Ensure both datasets contain the same SNP set and genomic coordinates; extract a consistent locus window (e.g., ±500 kb).
Use beta and SE when available; if only p-values are present provide MAF to approximate effect sizes.
Provide an appropriate LD matrix from a matched reference panel when running SuSiE; mismatched LD biases results.
Run prior sensitivity (vary p12) and interpret PP.H4 thresholds: >0.8 strong, 0.5–0.8 suggestive.
Check sample sizes and power; small eQTL cohorts (N < 200) reduce sensitivity and increase inconclusive results.

Example use cases

Test whether a schizophrenia GWAS hit and brain eQTL for a nearby gene are driven by the same variant using coloc.abf.
Run SuSiE on GWAS and eQTL summary stats with an LD matrix to resolve multiple causal signals and assess per-credible-set colocalization.
Use hyprcoloc to find clusters of immune traits and eQTLs that share a single causal variant across several tissues.
Visualize locus-level association and LocusCompare plots to validate coloc results before functional follow-up.
Perform prior sensitivity to confirm that strong PP.H4 is robust to alternative p12 settings.

FAQ

What PP.H4 cutoff indicates colocalization?
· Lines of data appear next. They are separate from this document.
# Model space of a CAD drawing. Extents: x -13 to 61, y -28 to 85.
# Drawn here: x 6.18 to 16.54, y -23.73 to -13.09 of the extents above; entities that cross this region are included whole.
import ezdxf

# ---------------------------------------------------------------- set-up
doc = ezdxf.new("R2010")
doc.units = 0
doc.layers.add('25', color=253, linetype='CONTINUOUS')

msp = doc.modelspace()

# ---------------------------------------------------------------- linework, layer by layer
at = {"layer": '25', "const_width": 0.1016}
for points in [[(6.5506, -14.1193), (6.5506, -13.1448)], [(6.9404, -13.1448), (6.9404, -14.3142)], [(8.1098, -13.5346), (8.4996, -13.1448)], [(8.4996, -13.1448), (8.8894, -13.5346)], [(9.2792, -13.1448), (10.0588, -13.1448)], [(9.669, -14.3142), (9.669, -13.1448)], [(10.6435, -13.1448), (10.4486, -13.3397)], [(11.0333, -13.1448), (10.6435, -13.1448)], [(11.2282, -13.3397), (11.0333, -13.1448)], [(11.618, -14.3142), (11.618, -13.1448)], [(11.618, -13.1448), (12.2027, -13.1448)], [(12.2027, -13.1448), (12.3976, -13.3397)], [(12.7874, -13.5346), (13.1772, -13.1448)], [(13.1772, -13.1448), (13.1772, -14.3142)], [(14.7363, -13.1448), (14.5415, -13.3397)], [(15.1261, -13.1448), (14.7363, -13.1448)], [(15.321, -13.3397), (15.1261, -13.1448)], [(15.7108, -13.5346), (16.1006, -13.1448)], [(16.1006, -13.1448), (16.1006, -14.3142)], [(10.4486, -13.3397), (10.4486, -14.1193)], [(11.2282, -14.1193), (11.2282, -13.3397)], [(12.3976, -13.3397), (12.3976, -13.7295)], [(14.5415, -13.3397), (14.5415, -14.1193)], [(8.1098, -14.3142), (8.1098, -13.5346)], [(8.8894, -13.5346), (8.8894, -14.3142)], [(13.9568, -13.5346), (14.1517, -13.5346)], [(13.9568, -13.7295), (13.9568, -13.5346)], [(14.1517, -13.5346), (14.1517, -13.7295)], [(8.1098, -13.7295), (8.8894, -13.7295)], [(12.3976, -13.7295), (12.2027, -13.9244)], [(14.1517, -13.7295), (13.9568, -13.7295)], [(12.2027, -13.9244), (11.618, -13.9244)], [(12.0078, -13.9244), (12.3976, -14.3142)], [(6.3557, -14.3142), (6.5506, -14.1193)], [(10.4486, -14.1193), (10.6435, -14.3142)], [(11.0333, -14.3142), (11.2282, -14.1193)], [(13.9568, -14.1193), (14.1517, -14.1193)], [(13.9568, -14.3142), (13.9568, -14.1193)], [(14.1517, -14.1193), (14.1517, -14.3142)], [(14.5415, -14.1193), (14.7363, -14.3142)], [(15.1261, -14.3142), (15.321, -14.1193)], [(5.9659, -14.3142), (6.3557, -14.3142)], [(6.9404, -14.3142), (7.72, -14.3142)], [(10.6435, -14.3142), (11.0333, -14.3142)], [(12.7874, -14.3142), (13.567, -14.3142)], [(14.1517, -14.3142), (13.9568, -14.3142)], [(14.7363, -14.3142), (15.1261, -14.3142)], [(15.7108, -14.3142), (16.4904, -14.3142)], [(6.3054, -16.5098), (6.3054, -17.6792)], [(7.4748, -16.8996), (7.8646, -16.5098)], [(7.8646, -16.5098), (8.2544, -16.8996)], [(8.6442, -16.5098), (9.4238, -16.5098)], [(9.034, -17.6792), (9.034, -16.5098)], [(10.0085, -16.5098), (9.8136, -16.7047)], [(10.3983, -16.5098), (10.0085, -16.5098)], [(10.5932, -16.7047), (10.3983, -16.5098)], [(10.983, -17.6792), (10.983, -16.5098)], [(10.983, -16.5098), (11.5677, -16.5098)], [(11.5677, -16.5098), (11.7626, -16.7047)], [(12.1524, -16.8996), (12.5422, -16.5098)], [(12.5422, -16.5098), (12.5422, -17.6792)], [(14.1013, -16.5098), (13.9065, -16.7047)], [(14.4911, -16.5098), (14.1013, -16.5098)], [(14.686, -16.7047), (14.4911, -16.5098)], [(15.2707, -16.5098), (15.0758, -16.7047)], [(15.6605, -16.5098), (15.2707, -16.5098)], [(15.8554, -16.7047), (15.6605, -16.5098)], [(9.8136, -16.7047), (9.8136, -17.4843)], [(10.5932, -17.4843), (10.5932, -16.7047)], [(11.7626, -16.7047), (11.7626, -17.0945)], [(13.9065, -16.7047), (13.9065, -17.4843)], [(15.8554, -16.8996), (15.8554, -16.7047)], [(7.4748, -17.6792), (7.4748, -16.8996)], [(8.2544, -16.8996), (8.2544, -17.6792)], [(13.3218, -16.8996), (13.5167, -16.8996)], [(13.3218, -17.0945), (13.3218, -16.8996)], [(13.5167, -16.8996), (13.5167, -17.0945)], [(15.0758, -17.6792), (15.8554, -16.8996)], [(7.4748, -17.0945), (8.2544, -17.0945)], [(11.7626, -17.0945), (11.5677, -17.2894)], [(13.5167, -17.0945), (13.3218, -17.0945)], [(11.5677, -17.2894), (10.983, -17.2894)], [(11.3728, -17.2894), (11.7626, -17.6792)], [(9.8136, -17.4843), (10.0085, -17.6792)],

PP.H4 > 0.8 is commonly used as strong evidence for a shared causal variant; 0.5–0.8 is suggestive and may need more data or SuSiE.

When should I use SuSiE-coloc instead of coloc.abf?

Use SuSiE-coloc when there is evidence of multiple independent causal signals in a locus or when PP.H3 is high, and provide an LD matrix from a matching reference panel.